* [Input data]:
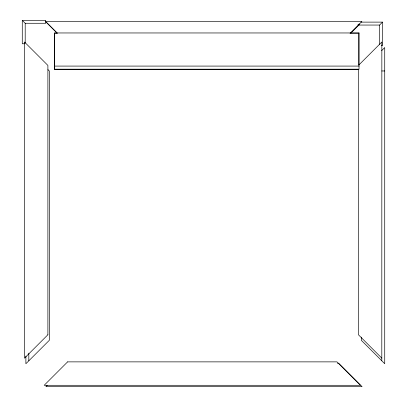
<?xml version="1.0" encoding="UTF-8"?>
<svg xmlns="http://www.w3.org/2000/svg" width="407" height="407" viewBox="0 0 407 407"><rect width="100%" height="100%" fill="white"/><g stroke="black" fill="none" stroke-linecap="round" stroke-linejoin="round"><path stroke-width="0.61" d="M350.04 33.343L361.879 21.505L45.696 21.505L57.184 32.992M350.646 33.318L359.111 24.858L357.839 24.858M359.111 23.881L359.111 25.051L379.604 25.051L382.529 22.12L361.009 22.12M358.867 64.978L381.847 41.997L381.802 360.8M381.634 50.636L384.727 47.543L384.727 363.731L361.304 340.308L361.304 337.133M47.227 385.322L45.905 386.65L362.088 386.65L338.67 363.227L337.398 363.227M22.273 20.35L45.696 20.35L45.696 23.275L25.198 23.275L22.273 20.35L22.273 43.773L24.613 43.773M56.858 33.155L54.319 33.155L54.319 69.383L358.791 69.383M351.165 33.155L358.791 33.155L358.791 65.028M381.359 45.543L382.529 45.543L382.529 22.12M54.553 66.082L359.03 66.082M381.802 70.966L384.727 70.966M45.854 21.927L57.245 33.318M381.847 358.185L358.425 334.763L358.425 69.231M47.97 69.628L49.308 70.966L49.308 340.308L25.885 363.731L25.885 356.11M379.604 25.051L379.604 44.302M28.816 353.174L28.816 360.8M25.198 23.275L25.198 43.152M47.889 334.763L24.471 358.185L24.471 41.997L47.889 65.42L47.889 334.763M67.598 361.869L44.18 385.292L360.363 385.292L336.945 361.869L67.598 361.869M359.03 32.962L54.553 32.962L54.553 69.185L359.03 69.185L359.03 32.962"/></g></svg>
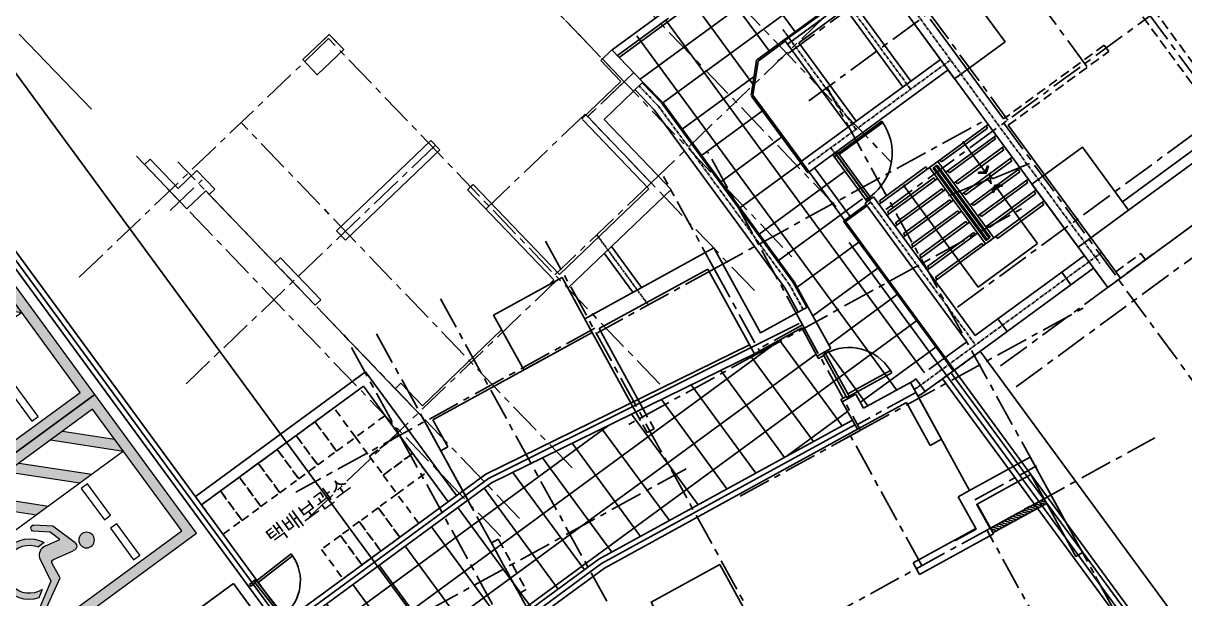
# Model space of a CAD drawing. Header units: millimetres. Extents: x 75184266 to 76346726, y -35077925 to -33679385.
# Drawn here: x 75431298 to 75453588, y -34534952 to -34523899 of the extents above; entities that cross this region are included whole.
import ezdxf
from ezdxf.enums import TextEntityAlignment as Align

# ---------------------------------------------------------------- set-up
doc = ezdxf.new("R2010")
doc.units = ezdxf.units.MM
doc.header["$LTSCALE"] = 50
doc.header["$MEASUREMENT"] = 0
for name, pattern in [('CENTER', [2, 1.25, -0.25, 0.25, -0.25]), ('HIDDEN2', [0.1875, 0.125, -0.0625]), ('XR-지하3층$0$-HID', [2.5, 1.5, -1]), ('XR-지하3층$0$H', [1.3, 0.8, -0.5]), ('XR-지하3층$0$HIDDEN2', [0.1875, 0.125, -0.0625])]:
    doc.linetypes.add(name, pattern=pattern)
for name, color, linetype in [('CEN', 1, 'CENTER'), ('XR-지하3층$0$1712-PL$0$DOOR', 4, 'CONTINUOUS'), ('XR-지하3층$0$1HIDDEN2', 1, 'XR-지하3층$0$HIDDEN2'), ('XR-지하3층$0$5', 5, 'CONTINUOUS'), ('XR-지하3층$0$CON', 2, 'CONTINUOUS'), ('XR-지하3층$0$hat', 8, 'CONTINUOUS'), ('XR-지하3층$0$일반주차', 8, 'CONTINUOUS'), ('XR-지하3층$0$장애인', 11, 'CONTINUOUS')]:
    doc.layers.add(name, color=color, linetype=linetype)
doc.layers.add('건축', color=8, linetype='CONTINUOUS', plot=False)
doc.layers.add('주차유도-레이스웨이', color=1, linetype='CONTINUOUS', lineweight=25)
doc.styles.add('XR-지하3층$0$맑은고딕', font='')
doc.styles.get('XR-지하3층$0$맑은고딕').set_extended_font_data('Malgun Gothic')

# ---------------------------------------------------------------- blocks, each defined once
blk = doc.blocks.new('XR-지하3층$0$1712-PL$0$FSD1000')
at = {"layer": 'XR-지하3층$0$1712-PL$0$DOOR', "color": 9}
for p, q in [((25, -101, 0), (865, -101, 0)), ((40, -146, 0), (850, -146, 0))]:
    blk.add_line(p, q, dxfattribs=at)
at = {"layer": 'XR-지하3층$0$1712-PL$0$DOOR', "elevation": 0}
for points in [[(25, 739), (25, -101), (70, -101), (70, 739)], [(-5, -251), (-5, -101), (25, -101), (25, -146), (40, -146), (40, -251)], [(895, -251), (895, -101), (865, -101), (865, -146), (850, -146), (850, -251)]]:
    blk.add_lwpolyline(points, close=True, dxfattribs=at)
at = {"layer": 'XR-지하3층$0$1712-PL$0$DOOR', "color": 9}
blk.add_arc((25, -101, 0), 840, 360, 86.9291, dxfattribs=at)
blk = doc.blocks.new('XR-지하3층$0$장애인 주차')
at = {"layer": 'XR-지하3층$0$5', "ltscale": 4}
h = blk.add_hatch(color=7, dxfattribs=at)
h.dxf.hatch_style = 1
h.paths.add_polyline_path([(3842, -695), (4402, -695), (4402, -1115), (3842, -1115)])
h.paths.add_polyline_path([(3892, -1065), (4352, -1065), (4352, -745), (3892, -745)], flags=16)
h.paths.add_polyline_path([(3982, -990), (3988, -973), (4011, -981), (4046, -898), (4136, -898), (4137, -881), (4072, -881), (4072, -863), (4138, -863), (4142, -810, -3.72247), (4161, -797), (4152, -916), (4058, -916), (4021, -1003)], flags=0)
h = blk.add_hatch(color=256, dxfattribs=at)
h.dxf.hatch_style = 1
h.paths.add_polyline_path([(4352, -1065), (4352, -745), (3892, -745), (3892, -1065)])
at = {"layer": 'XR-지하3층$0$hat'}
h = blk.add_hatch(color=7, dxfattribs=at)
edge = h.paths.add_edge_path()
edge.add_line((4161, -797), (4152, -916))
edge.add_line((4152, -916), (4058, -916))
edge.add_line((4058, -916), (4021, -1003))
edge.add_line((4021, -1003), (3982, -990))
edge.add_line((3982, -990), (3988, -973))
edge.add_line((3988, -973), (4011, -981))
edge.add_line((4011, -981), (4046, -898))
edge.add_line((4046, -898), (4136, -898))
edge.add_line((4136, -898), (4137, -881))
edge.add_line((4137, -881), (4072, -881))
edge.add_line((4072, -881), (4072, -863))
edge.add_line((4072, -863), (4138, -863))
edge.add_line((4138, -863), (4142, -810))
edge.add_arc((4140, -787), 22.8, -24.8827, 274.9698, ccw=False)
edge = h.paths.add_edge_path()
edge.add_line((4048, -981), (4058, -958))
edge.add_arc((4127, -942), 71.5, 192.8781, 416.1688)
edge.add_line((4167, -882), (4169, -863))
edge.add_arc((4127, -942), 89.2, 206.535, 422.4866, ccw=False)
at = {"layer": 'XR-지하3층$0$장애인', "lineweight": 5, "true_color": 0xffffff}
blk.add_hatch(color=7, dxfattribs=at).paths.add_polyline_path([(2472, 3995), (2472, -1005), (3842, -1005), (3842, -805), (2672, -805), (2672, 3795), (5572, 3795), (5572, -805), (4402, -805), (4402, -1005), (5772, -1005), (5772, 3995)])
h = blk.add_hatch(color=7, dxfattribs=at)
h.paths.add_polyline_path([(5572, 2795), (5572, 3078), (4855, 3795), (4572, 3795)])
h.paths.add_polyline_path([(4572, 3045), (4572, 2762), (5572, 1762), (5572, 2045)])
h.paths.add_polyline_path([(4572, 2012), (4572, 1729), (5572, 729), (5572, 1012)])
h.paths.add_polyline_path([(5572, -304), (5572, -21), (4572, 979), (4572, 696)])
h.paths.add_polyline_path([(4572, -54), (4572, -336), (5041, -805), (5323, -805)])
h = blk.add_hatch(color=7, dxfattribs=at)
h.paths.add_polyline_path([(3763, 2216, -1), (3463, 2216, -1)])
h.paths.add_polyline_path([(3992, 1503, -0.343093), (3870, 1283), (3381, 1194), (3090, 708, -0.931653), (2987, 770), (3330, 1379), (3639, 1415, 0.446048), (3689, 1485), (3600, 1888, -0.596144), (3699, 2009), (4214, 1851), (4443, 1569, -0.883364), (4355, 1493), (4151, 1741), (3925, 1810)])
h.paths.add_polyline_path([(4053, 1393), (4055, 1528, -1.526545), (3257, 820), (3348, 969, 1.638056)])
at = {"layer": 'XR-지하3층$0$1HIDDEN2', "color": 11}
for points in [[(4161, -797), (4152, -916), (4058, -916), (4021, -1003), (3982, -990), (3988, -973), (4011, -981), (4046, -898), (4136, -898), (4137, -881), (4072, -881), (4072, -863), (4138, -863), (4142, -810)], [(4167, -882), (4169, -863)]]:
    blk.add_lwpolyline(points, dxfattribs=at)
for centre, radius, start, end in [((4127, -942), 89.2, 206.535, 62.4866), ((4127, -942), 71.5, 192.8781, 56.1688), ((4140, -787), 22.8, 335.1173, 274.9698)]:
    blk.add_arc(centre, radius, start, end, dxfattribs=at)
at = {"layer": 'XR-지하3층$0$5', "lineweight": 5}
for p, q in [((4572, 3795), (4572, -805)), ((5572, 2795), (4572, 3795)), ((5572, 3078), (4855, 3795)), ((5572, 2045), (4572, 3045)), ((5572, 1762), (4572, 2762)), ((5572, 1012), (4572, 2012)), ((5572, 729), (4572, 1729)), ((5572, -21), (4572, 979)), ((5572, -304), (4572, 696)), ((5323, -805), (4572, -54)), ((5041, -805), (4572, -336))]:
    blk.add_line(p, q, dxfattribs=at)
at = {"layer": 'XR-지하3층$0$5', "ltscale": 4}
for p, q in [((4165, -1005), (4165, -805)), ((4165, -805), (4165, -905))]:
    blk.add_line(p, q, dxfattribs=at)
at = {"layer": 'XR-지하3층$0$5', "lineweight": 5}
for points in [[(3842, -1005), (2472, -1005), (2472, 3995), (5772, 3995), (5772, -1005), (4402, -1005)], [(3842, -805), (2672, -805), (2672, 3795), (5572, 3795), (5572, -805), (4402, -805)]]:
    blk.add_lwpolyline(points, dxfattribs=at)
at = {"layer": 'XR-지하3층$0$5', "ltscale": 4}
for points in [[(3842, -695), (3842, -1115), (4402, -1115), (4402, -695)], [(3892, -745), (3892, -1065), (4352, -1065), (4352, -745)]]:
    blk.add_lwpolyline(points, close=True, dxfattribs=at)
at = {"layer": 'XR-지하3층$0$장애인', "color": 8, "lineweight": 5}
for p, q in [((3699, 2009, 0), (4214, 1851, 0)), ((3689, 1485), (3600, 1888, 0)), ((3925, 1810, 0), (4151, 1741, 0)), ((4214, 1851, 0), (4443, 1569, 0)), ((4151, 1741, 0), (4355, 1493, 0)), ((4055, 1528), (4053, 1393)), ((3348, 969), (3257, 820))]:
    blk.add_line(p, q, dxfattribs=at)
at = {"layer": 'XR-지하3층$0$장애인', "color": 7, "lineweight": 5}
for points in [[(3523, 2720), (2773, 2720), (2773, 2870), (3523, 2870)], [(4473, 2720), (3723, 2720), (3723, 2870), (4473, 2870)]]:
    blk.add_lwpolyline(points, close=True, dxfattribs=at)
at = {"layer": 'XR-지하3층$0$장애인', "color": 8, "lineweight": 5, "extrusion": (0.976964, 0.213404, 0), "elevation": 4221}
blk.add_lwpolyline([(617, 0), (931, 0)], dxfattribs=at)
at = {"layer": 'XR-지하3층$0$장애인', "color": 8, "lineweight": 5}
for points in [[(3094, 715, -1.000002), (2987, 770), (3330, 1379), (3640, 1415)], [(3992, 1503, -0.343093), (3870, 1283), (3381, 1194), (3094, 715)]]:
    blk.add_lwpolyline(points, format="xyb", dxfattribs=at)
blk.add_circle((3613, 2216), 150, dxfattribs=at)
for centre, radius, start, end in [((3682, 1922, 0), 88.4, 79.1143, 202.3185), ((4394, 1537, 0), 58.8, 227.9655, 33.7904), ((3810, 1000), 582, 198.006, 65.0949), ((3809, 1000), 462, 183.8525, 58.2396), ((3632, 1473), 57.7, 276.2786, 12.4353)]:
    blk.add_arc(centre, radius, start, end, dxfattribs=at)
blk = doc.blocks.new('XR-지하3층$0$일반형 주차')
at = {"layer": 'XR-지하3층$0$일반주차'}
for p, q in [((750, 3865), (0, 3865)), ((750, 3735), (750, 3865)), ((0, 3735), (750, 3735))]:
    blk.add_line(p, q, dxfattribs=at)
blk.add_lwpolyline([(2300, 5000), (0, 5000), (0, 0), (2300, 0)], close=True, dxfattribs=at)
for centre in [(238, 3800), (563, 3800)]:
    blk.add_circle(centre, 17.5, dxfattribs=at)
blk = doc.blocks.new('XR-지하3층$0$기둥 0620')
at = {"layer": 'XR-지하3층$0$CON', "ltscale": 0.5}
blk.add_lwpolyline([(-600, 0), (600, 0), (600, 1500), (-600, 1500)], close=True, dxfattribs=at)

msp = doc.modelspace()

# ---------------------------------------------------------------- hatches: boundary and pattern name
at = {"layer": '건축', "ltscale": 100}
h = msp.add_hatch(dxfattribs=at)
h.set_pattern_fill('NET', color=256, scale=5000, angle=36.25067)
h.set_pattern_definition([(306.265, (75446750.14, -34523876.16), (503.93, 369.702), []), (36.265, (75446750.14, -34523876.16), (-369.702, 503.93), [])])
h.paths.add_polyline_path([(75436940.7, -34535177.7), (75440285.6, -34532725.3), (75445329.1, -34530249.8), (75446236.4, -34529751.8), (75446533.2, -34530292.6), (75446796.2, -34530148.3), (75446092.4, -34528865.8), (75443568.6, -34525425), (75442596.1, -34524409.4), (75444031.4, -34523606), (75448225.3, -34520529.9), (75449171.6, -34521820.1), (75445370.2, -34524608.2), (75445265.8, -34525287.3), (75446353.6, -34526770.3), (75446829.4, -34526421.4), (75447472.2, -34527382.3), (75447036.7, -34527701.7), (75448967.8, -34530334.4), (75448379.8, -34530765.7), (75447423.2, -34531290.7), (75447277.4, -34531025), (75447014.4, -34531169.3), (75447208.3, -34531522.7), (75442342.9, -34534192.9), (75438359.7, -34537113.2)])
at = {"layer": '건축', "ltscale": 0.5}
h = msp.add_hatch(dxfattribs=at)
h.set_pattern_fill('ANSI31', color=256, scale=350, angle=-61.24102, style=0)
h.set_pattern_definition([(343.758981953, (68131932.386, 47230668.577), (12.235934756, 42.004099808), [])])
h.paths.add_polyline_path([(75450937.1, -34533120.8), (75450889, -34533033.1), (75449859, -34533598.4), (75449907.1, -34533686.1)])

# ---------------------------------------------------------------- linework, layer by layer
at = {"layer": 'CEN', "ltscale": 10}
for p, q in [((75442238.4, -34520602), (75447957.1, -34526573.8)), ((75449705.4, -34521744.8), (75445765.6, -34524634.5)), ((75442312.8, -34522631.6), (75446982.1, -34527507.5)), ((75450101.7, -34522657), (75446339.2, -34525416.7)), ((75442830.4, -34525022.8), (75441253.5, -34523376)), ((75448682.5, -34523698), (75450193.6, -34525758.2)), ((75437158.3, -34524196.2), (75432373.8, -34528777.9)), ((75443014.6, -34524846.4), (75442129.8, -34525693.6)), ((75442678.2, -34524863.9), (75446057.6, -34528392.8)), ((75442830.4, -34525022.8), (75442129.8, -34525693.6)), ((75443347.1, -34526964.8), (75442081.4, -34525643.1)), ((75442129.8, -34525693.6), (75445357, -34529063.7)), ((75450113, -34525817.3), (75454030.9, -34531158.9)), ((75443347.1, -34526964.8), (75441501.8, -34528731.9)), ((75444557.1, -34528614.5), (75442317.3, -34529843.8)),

* [Task]:
Only the number is wanted: how many lines of these entries contain the string "elevation"?

* [Expected output]:
2